What you will do:
Please repeat the records word for word and skip the pictures.

(Collection entries)
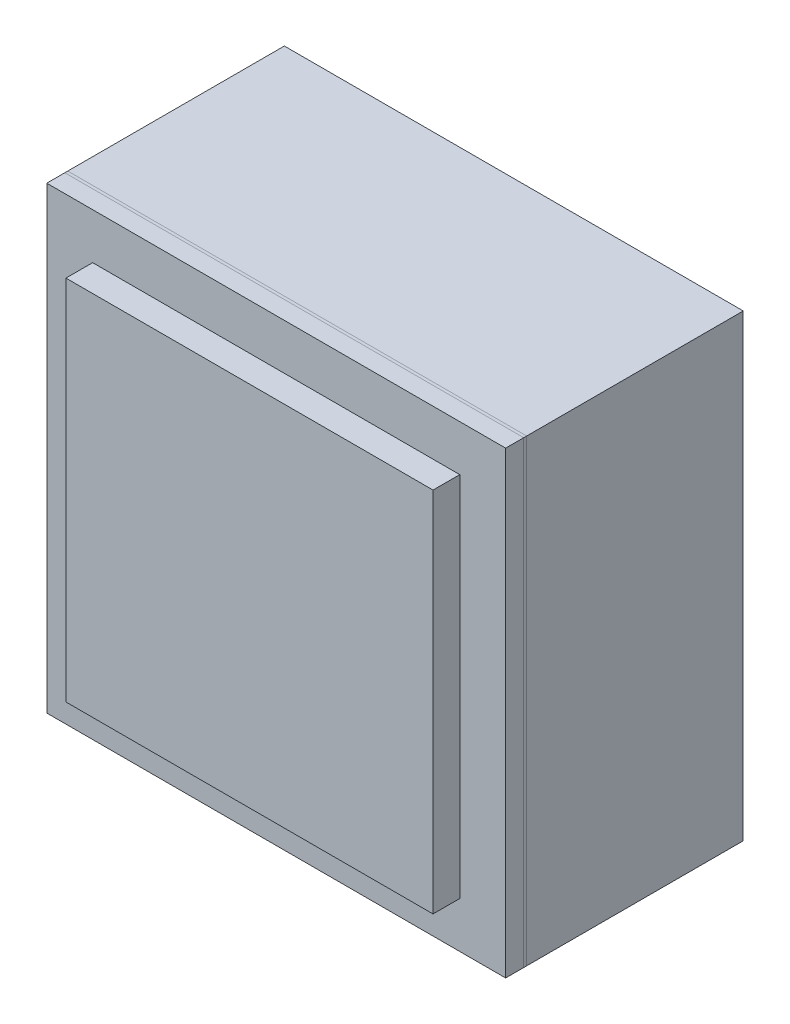
SolidWorks part; units mm, degrees
ref_plane "Front Plane" through (0, 0, 0) normal (0, 0, 1) x (1, 0, 0)
ref_plane "Top Plane" through (0, 0, 0) normal (0, 1, 0) x (1, 0, 0)
ref_plane "Right Plane" through (0, 0, 0) normal (1, 0, 0) x (0, 0, -1)
sketch "Sketch1" plane through (0, 0, 0) normal (1, 0, 0) x (0, 0, -1)
  line L1 (-7.493, 15.875) -> (7.493, 15.875)
  line L2 (-7.493, 15.875) -> (-7.493, -15.875)
  line L3 (-7.493, -15.875) -> (7.493, -15.875)
  line L4 (7.493, 15.875) -> (7.493, -15.875)
  line L5 (-7.493, 15.875) -> (7.493, -15.875) construction
  line L6 (-7.493, -15.875) -> (7.493, 15.875) construction
  line L7 (-7.493, 15.875) -> (-7.6962, 15.875)
  line L8 (-7.493, 15.875) -> (-7.493, -15.875)
  line L9 (-7.493, -15.875) -> (-7.6962, -15.875)
  line L10 (-7.6962, 15.875) -> (-7.6962, -15.875)
  line L11 (-7.6962, -15.875) -> (-8.9462, -15.875)
  line L12 (-7.6962, -15.875) -> (-7.6962, 15.875)
  line L13 (-7.6962, 15.875) -> (-8.9462, 15.875)
  line L14 (-8.9462, -15.875) -> (-8.9462, 15.875)
  line L15 (-8.9462, 12.7) -> (-10.795, 12.7)
  line L16 (-8.9462, 12.7) -> (-8.9462, -12.7)
  line L17 (-8.9462, -12.7) -> (-10.795, -12.7)
  line L18 (-10.795, 12.7) -> (-10.795, -12.7)
  line L19 (7.493, 15.875) -> (10.621, 15.875)
  line L20 (7.493, 15.875) -> (7.493, -15.875)
  line L21 (7.493, -15.875) -> (10.621, -15.875)
  line L22 (10.621, 15.875) -> (10.621, -15.875)
  line L23 (18.221, 15.875) -> (15.621, 15.875)
  line L24 (18.221, 15.875) -> (18.221, -15.875)
  line L25 (18.221, -15.875) -> (15.621, -15.875)
  line L26 (15.621, 15.875) -> (15.621, -15.875)
  line L27 (10.621, 15.875) -> (21.269, 15.875)
  line L28 (10.621, 15.875) -> (10.621, 13.375)
  line L29 (10.621, 13.375) -> (21.269, 13.375)
  line L30 (21.269, 15.875) -> (21.269, 13.375)
  line L31 (10.621, -15.875) -> (21.269, -15.875)
  line L32 (10.621, -15.875) -> (10.621, -13.375)
  line L33 (10.621, -13.375) -> (21.269, -13.375)
  line L34 (21.269, -15.875) -> (21.269, -13.375)
  point P0 (0, 0)
  point P26 (-10.795, 0)
  point P27 (0, 0)
  point P28 (15.621, 15.875)
  point P29 (18.221, -15.875)
  dimension "D1" = 31.75
  dimension "D2" = 3.302
  dimension "D3" = 14.986
  dimension "D4" = 8.128
  dimension "D5" = 0.2032
  dimension "D6" = 1.25
  dimension "D7" = 25.4
  dimension "D8" = 3.048
  dimension "D9" = 5
  dimension "D10" = 2.5
  dimension "D11" = 2.6
extrude "Boss-Extrude1" add sketch "Sketch1" along normal mid plane 31.75 contours L4 L1 L2 L3 region at (0, 0, 0)
extrude "Boss-Extrude2" add sketch "Sketch1<3>" along normal mid plane 31.75 separate body contours L14 L11 L10 L13 region at (0, 0, 8.3212)
sketch "Sketch1<3>" plane through (0, 0, 0) normal (1, 0, 0) x (0, 0, -1) same geometry as "Sketch1"
extrude "Boss-Extrude4" add sketch "Sketch1<6>" along normal mid plane 31.75 separate body contours L7 L10 L9 L2 region at (0, 0, 7.5946)
sketch "Sketch1<6>" plane through (0, 0, 0) normal (1, 0, 0) x (0, 0, -1) same geometry as "Sketch1"
extrude "Boss-Extrude5" add sketch "Sketch1<7>" along normal mid plane 25.4 separate body contours L15 L18 L17 L14 region at (0, 0, 9.8706)
sketch "Sketch1<7>" plane through (0, 0, 0) normal (1, 0, 0) x (0, 0, -1) same geometry as "Sketch1"

Solution:
SolidWorks part; units mm, degrees
ref_plane "Front Plane" through (0, 0, 0) normal (0, 0, 1) x (1, 0, 0)
ref_plane "Top Plane" through (0, 0, 0) normal (0, 1, 0) x (1, 0, 0)
ref_plane "Right Plane" through (0, 0, 0) normal (1, 0, 0) x (0, 0, -1)
sketch "Sketch1" plane through (0, 0, 0) normal (1, 0, 0) x (0, 0, -1)
  line L1 (-7.493, 15.875) -> (7.493, 15.875)
  line L2 (-7.493, 15.875) -> (-7.493, -15.875)
  line L3 (-7.493, -15.875) -> (7.493, -15.875)
  line L4 (7.493, 15.875) -> (7.493, -15.875)
  line L5 (-7.493, 15.875) -> (7.493, -15.875) construction
  line L6 (-7.493, -15.875) -> (7.493, 15.875) construction
  line L7 (-7.493, 15.875) -> (-7.6962, 15.875)
  line L8 (-7.493, 15.875) -> (-7.493, -15.875)
  line L9 (-7.493, -15.875) -> (-7.6962, -15.875)
  line L10 (-7.6962, 15.875) -> (-7.6962, -15.875)
  line L11 (-7.6962, -15.875) -> (-8.9462, -15.875)
  line L12 (-7.6962, -15.875) -> (-7.6962, 15.875)
  line L13 (-7.6962, 15.875) -> (-8.9462, 15.875)
  line L14 (-8.9462, -15.875) -> (-8.9462, 15.875)
  line L15 (-8.9462, 12.7) -> (-10.795, 12.7)
  line L16 (-8.9462, 12.7) -> (-8.9462, -12.7)
  line L17 (-8.9462, -12.7) -> (-10.795, -12.7)
  line L18 (-10.795, 12.7) -> (-10.795, -12.7)
  line L19 (7.493, 15.875) -> (10.621, 15.875)
  line L20 (7.493, 15.875) -> (7.493, -15.875)
  line L21 (7.493, -15.875) -> (10.621, -15.875)
  line L22 (10.621, 15.875) -> (10.621, -15.875)
  line L23 (18.221, 15.875) -> (15.621, 15.875)
  line L24 (18.221, 15.875) -> (18.221, -15.875)
  line L25 (18.221, -15.875) -> (15.621, -15.875)
  line L26 (15.621, 15.875) -> (15.621, -15.875)
  line L27 (10.621, 15.875) -> (21.269, 15.875)
  line L28 (10.621, 15.875) -> (10.621, 13.375)
  line L29 (10.621, 13.375) -> (21.269, 13.375)
  line L30 (21.269, 15.875) -> (21.269, 13.375)
  line L31 (10.621, -15.875) -> (21.269, -15.875)
  line L32 (10.621, -15.875) -> (10.621, -13.375)
  line L33 (10.621, -13.375) -> (21.269, -13.375)
  line L34 (21.269, -15.875) -> (21.269, -13.375)
  point P0 (0, 0)
  point P26 (-10.795, 0)
  point P27 (0, 0)
  point P28 (15.621, 15.875)
  point P29 (18.221, -15.875)
  dimension "D1" = 31.75
  dimension "D2" = 3.302
  dimension "D3" = 14.986
  dimension "D4" = 8.128
  dimension "D5" = 0.2032
  dimension "D6" = 1.25
  dimension "D7" = 25.4
  dimension "D8" = 3.048
  dimension "D9" = 5
  dimension "D10" = 2.5
  dimension "D11" = 2.6
extrude "Boss-Extrude1" add sketch "Sketch1" along normal mid plane 31.75 contours L4 L1 L2 L3 region at (0, 0, 0)
extrude "Boss-Extrude2" add sketch "Sketch1<3>" along normal mid plane 31.75 separate body contours L14 L11 L10 L13 region at (0, 0, 8.3212)
sketch "Sketch1<3>" plane through (0, 0, 0) normal (1, 0, 0) x (0, 0, -1) same geometry as "Sketch1"
extrude "Boss-Extrude4" add sketch "Sketch1<6>" along normal mid plane 31.75 separate body contours L7 L10 L9 L2 region at (0, 0, 7.5946)
sketch "Sketch1<6>" plane through (0, 0, 0) normal (1, 0, 0) x (0, 0, -1) same geometry as "Sketch1"
extrude "Boss-Extrude5" add sketch "Sketch1<7>" along normal mid plane 25.4 separate body contours L15 L18 L17 L14 region at (0, 0, 9.8706)
sketch "Sketch1<7>" plane through (0, 0, 0) normal (1, 0, 0) x (0, 0, -1) same geometry as "Sketch1"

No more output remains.